We’ll add back the categorical Sex variable, along with our target variable, then fit another model.
train_pca <- data.frame(pca_fit$x[, 1:3]) %>%
mutate(Sex = train$Sex, Age = train$Age)
lm_pca <- lm(Age ~ ., data = train_pca)
summary(lm_pca)
##
## Call:
## lm(formula = Age ~ ., data = train_pca)
##
## Residuals:
## Min 1Q Median 3Q Max
## -57.337 -1.363 -0.391 0.741 18.684
##
## Coefficients:
## Estimate Std. Error t value Pr(>|t|)
## (Intercept) 10.424254 0.016194 643.71 <2e-16 ***
## PC1 -0.637052 0.004381 -145.41 <2e-16 ***
## PC2 1.419566 0.019758 71.85 <2e-16 ***
## PC3 -1.883732 0.025214 -74.71 <2e-16 ***
## SexI -1.201214 0.026930 -44.60 <2e-16 ***
## SexM -0.185460 0.020537 -9.03 <2e-16 ***
## ---
## Signif. codes: 0 '***' 0.001 '**' 0.01 '*' 0.05 '.' 0.1 ' ' 1
##
## Residual standard error: 2.284 on 74045 degrees of freedom
## Multiple R-squared: 0.4827, Adjusted R-squared: 0.4827
## F-statistic: 1.382e+04 on 5 and 74045 DF, p-value: < 2.2e-16
plot(lm_pca)
Our residual plots look much better. However, our R-squared is relatively low at ~50%, and the two influential points remains. Let’s fit this model without that point and see how things change.
train_pca2 <- train_pca[-which(rownames(train_pca) == '55880'),]
train_pca2 <- train_pca2[-which(rownames(train_pca2) == '19024'),]
lm_pca <- lm(Age ~ ., data = train_pca2)
summary(lm_pca)
##
## Call:
## lm(formula = Age ~ ., data = train_pca2)
##
## Residuals:
## Min 1Q Median 3Q Max
## -18.8189 -1.3569 -0.3730 0.7585 18.8129
##
## Coefficients:
## Estimate Std. Error t value Pr(>|t|)
## (Intercept) 10.411749 0.016049 648.744 <2e-16 ***
## PC1 -0.643641 0.004345 -148.145 <2e-16 ***
## PC2 1.568261 0.019981 78.488 <2e-16 ***
## PC3 -2.100777 0.025656 -81.882 <2e-16 ***
## SexI -1.162985 0.026704 -43.551 <2e-16 ***
## SexM -0.180485 0.020349 -8.869 <2e-16 ***
## ---
## Signif. codes: 0 '***' 0.001 '**' 0.01 '*' 0.05 '.' 0.1 ' ' 1
##
## Residual standard error: 2.263 on 74043 degrees of freedom
## Multiple R-squared: 0.4922, Adjusted R-squared: 0.4922
## F-statistic: 1.435e+04 on 5 and 74043 DF, p-value: < 2.2e-16
plot(lm_pca)
I don’t actually see a big difference in coefficients, so it appears we are fine to leave out these points.
Ultimately, it seems there is some non-linearity in the model.

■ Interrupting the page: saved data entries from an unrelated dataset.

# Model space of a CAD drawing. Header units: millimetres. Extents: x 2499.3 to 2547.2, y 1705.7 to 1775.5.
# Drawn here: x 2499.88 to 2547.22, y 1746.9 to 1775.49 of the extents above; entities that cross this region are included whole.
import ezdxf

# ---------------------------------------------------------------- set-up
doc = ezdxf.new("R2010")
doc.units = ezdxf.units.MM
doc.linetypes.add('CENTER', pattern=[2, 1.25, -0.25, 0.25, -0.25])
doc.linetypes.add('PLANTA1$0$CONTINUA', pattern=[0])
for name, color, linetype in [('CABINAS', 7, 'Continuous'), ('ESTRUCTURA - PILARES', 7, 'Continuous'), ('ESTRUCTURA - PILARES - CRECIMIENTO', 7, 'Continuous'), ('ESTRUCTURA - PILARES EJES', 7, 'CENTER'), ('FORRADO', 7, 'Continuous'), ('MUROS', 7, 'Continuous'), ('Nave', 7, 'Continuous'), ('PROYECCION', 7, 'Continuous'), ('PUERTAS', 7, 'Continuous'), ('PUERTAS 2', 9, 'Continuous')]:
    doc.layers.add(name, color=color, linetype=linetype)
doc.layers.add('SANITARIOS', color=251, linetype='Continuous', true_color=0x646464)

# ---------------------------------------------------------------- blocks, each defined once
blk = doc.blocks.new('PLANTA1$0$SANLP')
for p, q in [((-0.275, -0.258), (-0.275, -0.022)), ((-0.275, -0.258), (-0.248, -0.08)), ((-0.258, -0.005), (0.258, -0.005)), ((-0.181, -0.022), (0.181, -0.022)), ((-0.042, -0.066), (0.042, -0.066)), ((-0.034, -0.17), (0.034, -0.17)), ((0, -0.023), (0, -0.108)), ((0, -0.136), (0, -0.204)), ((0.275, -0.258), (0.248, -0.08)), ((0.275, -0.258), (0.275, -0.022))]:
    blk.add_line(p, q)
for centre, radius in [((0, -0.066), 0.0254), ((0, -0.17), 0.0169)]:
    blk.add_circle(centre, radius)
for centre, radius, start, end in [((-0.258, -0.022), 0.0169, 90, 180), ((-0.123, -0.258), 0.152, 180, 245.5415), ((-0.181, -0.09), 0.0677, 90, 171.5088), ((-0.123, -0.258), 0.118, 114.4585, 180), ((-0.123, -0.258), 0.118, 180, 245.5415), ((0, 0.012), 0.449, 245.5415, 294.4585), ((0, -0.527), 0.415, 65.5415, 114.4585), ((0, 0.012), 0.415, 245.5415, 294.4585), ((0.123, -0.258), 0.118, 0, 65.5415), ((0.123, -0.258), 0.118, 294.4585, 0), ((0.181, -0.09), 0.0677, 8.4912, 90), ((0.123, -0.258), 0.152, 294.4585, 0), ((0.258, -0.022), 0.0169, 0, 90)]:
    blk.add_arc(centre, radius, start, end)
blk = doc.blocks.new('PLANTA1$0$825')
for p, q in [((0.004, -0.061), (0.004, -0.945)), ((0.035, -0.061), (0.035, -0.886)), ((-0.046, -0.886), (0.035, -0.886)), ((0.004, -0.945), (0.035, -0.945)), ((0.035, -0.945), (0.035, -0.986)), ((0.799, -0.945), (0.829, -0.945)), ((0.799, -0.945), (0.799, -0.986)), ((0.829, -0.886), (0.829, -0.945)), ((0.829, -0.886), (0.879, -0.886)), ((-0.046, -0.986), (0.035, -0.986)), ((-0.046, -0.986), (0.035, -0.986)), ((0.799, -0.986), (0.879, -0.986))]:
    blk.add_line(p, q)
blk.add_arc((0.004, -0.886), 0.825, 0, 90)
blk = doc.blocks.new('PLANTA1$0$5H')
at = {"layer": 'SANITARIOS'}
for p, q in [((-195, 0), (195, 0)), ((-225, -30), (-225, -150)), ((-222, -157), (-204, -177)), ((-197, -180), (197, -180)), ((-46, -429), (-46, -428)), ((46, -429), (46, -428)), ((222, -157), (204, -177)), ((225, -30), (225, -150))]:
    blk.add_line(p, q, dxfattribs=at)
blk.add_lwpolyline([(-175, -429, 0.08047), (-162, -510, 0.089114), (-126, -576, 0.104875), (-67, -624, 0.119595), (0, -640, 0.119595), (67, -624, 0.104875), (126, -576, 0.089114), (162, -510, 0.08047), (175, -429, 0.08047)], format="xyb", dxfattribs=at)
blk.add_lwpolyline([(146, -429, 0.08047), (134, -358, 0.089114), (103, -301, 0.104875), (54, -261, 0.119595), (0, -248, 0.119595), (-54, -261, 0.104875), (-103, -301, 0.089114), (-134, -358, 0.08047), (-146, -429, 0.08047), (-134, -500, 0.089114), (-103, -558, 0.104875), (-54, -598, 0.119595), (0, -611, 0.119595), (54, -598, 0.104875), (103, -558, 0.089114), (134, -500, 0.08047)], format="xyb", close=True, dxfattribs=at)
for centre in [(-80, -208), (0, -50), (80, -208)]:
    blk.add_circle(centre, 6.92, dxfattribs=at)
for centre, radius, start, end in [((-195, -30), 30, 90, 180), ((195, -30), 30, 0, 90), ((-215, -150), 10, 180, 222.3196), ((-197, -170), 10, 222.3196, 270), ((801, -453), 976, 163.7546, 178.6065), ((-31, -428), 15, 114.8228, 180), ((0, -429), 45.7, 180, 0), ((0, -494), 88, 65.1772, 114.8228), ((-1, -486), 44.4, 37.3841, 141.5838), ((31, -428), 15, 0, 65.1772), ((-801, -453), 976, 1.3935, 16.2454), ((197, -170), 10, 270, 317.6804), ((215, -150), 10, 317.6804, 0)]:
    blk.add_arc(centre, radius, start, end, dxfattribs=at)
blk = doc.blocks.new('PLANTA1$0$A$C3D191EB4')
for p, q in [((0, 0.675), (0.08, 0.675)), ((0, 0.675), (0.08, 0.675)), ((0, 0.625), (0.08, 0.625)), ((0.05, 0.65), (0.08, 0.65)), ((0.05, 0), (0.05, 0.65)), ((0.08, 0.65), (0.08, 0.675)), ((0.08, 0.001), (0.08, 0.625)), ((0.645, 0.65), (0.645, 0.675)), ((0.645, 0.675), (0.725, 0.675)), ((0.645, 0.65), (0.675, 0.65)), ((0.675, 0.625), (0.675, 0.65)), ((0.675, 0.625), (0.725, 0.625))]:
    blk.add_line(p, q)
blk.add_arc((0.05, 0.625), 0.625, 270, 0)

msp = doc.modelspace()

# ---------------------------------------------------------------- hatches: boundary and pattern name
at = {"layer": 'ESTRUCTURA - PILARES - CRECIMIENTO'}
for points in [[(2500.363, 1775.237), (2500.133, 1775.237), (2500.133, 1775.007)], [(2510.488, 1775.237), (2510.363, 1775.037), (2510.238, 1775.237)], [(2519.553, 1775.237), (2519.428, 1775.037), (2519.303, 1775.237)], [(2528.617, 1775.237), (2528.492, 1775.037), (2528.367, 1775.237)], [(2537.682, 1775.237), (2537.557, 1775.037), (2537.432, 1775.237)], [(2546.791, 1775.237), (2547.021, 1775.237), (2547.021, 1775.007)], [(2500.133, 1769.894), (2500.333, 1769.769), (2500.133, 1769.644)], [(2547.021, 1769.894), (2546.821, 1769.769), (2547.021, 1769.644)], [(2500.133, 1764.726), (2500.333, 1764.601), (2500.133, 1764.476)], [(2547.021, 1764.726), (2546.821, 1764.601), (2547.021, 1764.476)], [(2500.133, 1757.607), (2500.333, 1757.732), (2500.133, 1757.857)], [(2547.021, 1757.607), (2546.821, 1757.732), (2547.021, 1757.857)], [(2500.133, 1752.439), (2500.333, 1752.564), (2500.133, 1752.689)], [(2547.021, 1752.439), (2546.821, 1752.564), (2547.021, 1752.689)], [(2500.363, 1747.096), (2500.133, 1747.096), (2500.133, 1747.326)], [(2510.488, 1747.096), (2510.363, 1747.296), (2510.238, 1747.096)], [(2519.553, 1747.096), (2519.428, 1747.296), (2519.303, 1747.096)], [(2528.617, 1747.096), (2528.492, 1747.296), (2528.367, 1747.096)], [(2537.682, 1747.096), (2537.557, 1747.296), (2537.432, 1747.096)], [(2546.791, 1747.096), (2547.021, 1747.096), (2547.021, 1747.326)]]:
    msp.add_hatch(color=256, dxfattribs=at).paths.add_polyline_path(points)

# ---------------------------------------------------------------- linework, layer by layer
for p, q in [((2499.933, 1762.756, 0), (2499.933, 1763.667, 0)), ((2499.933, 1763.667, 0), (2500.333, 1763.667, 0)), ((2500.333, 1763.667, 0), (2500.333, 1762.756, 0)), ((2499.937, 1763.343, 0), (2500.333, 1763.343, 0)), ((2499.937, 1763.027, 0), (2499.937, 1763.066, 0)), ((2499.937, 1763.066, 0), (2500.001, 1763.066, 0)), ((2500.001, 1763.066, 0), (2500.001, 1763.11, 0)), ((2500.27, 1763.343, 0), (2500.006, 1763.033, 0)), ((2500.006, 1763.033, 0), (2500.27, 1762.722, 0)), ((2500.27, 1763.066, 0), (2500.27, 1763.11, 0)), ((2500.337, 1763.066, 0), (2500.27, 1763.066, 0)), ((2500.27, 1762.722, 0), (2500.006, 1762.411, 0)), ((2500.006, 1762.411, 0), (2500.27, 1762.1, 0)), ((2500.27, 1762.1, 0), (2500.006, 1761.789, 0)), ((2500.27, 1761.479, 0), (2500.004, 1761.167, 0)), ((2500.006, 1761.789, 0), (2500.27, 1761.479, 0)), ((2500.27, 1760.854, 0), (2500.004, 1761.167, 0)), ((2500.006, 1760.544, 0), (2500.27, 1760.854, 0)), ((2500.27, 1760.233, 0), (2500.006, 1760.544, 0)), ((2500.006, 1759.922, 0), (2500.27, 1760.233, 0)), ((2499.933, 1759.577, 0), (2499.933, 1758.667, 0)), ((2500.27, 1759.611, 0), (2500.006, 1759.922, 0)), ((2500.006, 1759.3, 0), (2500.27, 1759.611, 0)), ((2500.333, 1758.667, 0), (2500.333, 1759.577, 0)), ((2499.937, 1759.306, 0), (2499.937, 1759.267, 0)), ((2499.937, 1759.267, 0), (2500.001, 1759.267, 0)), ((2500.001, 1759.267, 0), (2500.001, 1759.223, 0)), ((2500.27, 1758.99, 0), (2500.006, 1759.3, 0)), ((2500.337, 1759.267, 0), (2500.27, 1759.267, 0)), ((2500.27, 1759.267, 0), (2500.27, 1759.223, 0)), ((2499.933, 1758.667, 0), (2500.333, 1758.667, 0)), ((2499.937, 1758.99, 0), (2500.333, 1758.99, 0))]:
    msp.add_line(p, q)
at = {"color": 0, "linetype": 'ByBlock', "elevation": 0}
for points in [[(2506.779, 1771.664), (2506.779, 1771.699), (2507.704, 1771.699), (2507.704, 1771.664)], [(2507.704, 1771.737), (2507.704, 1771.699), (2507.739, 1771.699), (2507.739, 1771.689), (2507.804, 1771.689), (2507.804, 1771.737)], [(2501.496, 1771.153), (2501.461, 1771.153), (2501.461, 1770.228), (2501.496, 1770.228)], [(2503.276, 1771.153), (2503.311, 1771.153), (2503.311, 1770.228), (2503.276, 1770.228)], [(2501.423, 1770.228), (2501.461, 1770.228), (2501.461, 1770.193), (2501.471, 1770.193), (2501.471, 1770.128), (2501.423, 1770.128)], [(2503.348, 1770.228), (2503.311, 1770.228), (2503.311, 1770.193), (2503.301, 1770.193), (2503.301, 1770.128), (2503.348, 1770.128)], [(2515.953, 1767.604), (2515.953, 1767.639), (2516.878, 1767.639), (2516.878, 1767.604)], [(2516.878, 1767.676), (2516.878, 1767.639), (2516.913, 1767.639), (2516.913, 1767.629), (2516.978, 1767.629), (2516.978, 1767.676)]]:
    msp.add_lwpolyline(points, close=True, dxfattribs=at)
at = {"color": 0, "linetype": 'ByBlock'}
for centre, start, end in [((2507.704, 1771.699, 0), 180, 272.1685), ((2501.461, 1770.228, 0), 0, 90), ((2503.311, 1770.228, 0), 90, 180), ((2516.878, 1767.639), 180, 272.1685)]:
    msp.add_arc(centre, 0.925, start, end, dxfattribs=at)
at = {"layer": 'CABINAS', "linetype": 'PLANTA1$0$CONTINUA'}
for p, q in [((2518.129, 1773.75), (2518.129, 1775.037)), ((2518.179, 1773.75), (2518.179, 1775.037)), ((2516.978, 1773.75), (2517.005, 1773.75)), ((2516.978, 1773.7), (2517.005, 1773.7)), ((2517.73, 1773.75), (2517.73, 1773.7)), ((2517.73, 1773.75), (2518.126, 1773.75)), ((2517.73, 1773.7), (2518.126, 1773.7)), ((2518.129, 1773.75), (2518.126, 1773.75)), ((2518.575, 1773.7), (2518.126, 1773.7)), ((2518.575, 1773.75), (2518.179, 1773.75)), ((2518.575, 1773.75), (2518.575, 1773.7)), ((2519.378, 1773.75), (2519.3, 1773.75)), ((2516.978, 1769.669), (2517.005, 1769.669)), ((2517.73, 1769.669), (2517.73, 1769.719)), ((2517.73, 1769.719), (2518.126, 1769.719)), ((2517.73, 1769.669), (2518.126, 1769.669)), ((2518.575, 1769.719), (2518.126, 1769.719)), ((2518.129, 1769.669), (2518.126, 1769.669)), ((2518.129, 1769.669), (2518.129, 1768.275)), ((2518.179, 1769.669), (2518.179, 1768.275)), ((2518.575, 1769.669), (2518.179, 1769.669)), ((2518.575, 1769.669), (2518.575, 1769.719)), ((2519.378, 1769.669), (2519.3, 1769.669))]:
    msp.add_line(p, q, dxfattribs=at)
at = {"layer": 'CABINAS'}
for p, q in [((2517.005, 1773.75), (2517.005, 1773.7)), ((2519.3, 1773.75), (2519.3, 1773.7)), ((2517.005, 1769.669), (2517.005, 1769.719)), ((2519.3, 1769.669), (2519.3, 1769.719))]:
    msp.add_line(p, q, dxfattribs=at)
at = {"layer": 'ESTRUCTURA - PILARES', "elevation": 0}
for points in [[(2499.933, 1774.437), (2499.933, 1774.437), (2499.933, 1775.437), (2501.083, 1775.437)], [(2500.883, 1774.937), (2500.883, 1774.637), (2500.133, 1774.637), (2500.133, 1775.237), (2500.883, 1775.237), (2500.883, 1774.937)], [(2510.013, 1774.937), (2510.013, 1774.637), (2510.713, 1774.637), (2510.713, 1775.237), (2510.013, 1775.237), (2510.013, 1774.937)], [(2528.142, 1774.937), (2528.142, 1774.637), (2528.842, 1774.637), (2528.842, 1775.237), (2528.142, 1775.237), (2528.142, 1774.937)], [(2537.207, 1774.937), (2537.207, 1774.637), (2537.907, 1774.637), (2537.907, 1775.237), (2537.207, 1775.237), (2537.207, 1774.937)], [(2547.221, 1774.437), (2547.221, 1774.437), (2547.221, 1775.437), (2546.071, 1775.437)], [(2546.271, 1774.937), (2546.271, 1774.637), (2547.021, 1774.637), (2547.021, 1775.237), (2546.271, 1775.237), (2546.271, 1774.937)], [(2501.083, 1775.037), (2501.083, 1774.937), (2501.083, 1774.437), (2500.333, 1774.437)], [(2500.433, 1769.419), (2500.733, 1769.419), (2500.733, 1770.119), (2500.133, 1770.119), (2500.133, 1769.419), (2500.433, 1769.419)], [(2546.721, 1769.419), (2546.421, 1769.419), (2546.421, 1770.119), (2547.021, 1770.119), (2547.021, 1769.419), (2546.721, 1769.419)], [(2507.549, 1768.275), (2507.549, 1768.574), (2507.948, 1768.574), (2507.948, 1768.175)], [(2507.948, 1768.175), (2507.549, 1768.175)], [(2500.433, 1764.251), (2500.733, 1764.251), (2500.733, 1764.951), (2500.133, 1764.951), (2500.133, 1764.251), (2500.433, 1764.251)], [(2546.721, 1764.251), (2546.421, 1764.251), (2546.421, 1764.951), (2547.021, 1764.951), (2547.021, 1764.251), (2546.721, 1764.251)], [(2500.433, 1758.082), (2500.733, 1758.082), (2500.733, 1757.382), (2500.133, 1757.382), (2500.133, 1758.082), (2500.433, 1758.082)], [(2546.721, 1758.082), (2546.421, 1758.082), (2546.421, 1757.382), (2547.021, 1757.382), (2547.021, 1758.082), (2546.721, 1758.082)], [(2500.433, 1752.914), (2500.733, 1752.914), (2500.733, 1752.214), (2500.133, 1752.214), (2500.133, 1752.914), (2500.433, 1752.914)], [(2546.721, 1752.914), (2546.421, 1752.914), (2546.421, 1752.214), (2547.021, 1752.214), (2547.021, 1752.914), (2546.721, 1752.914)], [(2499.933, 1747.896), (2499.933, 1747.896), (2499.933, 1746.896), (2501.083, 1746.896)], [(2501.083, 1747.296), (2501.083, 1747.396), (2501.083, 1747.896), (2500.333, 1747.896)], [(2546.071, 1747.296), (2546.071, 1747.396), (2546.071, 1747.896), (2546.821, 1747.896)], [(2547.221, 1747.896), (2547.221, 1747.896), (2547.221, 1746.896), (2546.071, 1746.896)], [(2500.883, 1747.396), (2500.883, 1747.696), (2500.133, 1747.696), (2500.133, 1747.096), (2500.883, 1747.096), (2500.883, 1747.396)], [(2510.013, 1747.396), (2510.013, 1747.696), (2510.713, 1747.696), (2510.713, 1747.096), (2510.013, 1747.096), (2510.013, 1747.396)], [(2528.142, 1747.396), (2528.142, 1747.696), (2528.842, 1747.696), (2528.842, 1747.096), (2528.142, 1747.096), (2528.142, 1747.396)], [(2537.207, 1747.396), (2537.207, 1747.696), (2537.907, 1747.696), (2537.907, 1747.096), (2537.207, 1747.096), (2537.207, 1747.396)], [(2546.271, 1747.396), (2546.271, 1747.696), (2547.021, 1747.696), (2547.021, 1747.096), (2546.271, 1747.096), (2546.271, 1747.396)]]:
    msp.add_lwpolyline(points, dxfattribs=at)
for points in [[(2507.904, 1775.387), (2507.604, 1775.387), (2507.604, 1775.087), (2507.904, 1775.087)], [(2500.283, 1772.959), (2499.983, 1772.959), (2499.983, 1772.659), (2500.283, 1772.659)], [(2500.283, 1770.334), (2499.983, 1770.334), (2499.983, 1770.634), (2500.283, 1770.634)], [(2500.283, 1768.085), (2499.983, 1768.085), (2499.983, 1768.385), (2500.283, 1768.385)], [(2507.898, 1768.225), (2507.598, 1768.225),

So, modeling approaches that handle non-linearity may provide better fits. Regarding the linear models we’ve considered, however, this appears to provide the best while observing the key assumptions of regression.
With this final model, we can generate our predictions for submission on Kaggle!
test_scaled <- scale(select(test, -id, -Sex))
test_pca <- predict(pca_fit, newdata = test_scaled)
test_pca<- data.frame(test_pca[, 1:3]) %>%
mutate(Sex = test$Sex)
predictions <- predict(lm_pca, newdata = test_pca)
predictions <- data.frame(id = test$id, Age = predictions)
write.csv(predictions, 'data/crab_kaggle_submission_kac624.csv', row.names = FALSE)
My submission had a score (the MAE) of 1.57413. Not bad! Curious to see how this stacks up to other submissions.